In a 2009 case study in Chicago, the high school and college students who served as Flagway coaches also reported having increased flexibility with numbers as a result of the game. In Alton, a semester-long training for those coaches plays a role in the younger students’ success, according to Budzban. But he also attributes the positive effects of Flagway to the game itself.

“Translating the abstract mathematics into competition and movement helps (students) sort of embody the learning,” he said. “You’ve got more neural pathways that are involved.”

Indeed, researchers studying “embodied cognition” have found that when physical movement is incorporated into the learning process, it can have positive effects on math and reading comprehension. In the case of Flagway, those effects may come not only from physiology, but also the excitement of the competition.

“If I had a bunch of kids sitting after school, and I gave them worksheets of prime factoring integers for two hours, they would check out in the first five minutes,” said Budzban. “There would be literally zero engagement in that activity. But these kids have been doing this for months. That kind of ability to keep them engaged, to keep them motivated, and actually doing mathematics — there’s nothing quite like that.”

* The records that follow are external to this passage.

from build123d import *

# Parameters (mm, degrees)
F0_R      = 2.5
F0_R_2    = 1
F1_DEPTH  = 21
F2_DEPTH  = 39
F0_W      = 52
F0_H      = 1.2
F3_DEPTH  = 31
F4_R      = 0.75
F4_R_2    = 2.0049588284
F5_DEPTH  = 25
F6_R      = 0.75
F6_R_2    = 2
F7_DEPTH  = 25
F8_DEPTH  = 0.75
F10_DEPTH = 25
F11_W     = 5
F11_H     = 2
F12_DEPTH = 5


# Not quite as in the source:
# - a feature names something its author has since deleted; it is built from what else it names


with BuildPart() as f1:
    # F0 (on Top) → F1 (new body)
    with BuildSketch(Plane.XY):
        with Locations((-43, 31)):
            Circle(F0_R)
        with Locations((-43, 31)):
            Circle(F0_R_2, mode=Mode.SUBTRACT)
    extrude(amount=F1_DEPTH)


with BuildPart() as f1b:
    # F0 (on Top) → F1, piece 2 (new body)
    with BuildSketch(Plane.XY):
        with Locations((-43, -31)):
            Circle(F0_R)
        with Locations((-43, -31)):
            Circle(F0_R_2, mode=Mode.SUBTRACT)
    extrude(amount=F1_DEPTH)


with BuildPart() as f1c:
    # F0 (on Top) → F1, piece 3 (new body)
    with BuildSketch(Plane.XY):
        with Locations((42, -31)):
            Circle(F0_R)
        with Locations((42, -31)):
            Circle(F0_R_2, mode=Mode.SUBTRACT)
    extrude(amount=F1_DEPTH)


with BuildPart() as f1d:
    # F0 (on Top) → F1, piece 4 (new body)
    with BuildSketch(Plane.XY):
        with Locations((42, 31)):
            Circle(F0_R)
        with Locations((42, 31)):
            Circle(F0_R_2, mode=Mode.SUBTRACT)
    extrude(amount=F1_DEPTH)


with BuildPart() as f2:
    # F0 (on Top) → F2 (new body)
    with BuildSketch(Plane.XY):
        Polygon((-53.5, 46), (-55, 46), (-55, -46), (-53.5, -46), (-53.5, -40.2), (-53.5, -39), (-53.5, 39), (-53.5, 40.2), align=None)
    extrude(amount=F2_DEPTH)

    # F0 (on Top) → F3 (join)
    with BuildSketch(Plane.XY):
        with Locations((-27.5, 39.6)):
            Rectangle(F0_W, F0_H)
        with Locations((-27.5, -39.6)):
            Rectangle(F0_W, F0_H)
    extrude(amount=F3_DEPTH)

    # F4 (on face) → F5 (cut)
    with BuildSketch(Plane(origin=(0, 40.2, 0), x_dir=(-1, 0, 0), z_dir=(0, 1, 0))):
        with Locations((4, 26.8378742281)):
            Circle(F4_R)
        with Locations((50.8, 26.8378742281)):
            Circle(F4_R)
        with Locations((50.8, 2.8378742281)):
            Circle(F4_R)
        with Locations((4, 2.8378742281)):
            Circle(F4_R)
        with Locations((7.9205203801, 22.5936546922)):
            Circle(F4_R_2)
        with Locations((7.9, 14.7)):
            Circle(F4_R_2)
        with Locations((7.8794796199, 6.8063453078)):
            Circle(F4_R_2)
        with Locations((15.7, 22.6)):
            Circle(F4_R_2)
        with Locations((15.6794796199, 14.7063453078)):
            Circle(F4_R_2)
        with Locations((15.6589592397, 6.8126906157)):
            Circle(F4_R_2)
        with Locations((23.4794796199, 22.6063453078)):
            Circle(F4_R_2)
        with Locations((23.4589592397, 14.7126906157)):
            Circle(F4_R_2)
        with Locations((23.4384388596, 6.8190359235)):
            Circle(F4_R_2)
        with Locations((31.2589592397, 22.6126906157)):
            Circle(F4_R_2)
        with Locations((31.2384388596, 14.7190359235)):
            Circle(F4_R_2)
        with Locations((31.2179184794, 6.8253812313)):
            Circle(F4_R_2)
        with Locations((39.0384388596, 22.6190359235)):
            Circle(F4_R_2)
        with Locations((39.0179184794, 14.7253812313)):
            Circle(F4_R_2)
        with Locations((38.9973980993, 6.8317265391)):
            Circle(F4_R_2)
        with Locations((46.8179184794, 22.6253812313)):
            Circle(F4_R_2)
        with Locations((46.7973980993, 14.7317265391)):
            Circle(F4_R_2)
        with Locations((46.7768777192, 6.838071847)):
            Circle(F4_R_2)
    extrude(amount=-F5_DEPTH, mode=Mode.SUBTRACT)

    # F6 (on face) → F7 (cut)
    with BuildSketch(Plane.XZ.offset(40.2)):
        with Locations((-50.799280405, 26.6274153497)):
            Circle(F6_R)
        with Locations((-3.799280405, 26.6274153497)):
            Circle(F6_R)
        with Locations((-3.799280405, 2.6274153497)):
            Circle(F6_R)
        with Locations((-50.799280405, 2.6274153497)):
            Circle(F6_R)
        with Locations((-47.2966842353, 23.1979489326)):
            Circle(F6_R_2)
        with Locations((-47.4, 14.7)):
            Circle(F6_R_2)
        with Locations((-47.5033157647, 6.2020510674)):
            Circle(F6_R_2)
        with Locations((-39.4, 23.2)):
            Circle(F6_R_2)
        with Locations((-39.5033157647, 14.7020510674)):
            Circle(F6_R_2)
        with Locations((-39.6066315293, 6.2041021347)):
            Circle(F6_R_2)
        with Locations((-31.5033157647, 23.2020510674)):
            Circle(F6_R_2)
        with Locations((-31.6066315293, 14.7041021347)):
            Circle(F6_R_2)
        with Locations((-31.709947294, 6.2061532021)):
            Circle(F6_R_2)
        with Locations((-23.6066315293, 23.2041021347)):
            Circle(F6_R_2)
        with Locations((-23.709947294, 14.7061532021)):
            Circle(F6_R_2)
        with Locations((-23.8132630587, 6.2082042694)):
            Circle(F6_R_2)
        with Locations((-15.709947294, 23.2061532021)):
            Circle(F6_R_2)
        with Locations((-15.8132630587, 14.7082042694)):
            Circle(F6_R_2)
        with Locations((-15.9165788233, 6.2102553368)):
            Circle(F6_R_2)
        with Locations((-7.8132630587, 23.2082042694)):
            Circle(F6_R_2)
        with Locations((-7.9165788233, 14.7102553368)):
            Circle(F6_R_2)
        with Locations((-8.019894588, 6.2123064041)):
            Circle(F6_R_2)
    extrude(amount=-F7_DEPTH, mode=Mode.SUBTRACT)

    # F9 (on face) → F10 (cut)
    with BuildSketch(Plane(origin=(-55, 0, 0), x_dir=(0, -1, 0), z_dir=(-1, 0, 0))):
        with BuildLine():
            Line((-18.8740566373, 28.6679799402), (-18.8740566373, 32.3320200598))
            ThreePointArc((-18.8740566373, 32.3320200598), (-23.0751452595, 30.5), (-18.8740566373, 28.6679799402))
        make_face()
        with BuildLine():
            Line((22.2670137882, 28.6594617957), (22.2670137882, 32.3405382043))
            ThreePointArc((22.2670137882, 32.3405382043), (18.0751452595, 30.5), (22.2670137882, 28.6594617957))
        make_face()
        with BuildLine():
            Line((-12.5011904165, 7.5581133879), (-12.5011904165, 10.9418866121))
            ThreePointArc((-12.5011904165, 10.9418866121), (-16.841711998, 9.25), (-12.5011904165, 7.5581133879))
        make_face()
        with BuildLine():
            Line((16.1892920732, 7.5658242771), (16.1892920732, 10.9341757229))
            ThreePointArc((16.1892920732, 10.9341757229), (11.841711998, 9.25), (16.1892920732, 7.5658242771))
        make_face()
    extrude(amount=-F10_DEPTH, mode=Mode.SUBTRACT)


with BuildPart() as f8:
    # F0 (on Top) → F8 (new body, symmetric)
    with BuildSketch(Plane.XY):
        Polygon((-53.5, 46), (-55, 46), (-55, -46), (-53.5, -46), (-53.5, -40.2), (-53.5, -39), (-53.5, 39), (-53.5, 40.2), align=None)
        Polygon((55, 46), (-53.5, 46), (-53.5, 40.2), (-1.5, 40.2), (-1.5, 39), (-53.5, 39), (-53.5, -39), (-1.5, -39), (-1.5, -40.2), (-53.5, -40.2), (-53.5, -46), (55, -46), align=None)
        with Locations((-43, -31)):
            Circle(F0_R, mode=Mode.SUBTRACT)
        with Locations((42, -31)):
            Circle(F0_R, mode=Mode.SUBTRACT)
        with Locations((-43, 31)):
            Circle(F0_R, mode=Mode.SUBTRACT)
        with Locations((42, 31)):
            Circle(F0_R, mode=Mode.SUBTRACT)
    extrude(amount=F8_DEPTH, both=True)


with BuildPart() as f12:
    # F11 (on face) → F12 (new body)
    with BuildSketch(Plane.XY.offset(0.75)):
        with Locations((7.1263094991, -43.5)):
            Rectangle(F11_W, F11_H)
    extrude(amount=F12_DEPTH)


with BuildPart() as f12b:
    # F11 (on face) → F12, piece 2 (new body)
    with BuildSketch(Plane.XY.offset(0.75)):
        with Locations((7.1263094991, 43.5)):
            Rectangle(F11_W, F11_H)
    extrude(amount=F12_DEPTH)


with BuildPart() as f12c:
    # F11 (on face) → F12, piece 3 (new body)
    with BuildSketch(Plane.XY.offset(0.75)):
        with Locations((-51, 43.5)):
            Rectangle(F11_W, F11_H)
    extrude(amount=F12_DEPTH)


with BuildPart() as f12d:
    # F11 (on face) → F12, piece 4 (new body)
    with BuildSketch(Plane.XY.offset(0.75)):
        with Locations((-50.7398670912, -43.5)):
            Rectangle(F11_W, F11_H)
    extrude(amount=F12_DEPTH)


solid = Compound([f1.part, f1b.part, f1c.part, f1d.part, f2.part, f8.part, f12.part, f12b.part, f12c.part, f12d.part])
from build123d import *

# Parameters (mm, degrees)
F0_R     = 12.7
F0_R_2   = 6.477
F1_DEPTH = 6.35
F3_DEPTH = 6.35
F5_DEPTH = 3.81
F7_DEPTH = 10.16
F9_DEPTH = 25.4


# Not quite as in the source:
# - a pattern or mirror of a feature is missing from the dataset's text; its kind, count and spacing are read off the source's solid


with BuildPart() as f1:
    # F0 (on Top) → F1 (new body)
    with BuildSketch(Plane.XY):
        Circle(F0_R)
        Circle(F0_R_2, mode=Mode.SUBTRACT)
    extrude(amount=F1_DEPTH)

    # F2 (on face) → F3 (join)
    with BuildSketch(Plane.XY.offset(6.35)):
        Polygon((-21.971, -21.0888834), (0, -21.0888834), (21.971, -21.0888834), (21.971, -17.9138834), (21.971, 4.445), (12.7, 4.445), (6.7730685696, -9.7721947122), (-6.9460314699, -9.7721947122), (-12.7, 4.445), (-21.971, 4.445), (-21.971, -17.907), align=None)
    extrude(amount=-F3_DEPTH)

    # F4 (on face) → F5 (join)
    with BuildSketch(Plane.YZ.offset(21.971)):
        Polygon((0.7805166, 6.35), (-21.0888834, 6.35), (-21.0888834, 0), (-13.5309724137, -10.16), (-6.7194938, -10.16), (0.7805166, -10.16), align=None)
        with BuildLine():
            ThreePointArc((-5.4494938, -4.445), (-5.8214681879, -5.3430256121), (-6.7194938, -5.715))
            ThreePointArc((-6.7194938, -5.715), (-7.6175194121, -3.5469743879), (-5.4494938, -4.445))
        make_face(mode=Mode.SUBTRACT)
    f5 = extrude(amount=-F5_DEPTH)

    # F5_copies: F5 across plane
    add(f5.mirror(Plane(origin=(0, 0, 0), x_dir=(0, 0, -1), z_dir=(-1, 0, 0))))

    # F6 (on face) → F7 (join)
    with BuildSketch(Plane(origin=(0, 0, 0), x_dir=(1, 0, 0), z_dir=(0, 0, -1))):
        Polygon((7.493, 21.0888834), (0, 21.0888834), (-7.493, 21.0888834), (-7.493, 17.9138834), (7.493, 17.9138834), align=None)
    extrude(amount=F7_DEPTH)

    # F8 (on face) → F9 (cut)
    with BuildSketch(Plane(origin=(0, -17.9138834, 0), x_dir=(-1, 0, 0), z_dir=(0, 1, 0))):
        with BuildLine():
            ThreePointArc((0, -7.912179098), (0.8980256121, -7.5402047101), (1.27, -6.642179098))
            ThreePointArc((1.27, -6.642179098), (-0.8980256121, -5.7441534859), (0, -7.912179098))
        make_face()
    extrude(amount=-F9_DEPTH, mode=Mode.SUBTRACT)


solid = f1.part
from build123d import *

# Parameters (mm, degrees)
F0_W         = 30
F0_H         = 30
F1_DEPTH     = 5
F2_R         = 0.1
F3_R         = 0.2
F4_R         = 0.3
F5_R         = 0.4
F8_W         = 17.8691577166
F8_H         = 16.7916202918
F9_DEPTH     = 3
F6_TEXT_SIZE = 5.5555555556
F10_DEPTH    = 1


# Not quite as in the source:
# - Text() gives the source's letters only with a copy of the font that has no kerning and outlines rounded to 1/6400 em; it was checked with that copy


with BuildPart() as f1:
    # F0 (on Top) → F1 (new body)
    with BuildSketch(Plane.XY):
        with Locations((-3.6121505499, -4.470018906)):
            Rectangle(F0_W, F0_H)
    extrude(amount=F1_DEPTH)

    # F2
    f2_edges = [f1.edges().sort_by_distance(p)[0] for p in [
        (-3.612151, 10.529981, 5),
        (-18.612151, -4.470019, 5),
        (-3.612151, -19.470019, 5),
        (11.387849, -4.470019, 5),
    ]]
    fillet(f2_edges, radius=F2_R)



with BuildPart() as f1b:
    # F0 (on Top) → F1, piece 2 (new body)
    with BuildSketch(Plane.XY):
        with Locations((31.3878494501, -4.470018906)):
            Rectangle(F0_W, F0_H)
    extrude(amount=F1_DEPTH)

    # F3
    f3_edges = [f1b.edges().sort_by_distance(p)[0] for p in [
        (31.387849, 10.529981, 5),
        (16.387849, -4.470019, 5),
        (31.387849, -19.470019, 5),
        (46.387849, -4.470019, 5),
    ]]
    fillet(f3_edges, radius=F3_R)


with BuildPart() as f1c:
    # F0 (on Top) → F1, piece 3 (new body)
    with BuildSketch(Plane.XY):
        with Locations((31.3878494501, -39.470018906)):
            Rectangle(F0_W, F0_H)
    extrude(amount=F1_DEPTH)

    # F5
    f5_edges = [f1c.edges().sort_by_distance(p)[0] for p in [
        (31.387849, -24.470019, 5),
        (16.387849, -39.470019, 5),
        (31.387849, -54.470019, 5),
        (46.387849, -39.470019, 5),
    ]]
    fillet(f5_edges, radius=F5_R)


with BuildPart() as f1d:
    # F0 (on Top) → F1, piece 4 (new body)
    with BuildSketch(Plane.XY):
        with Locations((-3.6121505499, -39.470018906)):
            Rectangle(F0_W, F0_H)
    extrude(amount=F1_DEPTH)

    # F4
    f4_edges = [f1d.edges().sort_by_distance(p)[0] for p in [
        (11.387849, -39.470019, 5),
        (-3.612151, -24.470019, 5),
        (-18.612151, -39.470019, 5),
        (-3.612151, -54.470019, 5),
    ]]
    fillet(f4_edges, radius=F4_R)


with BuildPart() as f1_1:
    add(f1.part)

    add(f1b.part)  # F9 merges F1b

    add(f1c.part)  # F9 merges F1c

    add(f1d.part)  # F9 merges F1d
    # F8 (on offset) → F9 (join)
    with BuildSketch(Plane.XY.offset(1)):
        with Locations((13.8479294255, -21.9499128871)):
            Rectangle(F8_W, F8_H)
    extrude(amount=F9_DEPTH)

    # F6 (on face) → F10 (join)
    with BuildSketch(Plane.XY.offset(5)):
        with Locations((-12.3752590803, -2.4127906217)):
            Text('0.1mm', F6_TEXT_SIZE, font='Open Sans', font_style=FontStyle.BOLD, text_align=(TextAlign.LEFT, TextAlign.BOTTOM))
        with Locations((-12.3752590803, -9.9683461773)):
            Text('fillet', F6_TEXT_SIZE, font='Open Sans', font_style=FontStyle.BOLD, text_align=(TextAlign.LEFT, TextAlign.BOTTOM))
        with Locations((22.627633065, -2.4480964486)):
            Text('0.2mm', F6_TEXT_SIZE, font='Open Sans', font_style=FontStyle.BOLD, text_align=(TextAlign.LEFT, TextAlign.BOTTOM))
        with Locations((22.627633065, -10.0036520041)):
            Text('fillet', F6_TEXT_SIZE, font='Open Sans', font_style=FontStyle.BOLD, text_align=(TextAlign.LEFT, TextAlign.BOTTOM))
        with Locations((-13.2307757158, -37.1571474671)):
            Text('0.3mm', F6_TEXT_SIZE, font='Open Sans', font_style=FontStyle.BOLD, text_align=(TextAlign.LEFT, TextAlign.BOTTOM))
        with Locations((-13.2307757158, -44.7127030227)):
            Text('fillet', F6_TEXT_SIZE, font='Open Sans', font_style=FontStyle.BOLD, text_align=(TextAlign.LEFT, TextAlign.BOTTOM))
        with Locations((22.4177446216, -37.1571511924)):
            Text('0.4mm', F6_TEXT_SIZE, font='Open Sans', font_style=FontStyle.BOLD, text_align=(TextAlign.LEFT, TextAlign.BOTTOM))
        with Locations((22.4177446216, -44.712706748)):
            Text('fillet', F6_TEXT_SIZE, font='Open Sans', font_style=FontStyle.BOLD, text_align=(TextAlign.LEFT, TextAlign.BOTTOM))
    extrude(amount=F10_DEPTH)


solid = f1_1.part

2019 National Flagway Tournament in Washington, DC
Students in a team solve math problems during the tournament. (Kara Newhouse for MindShift)

Teamwork

Parents at the national tournament echoed Budzban’s words about Flagway.

“It gets our kids (looking) forward to doing math problems,” said Jillian Hughes, whose daughter, Jenayah Rose, competed with a team from the Mandela Residents Cooperative Association Youth Center in Boston.

Hughes said that playing Flagway also reduced the amount of arguing that happens among kids at the youth center. According to Maisha Moses, executive director for the Young People’s Project, teamwork is a critical component of Flagway. While activities like math olympiads offer high-performing math students the chance to compete in teams, such opportunities are rare for students who struggle with math.

“The typical remediation model is you work one-on-one with a tutor, you’re off by yourself,” said Moses. “Through Flagway, you can come together and build community and build a team around doing math together.”

Christian Greene, one of Ellie Snyder’s teammates from Mansfield, put it this way when describing Flagway: “It’s a family thing.”

And how does Ellie feel about math just four months after joining the Flagway team?

“It’s my favorite subject,” she said.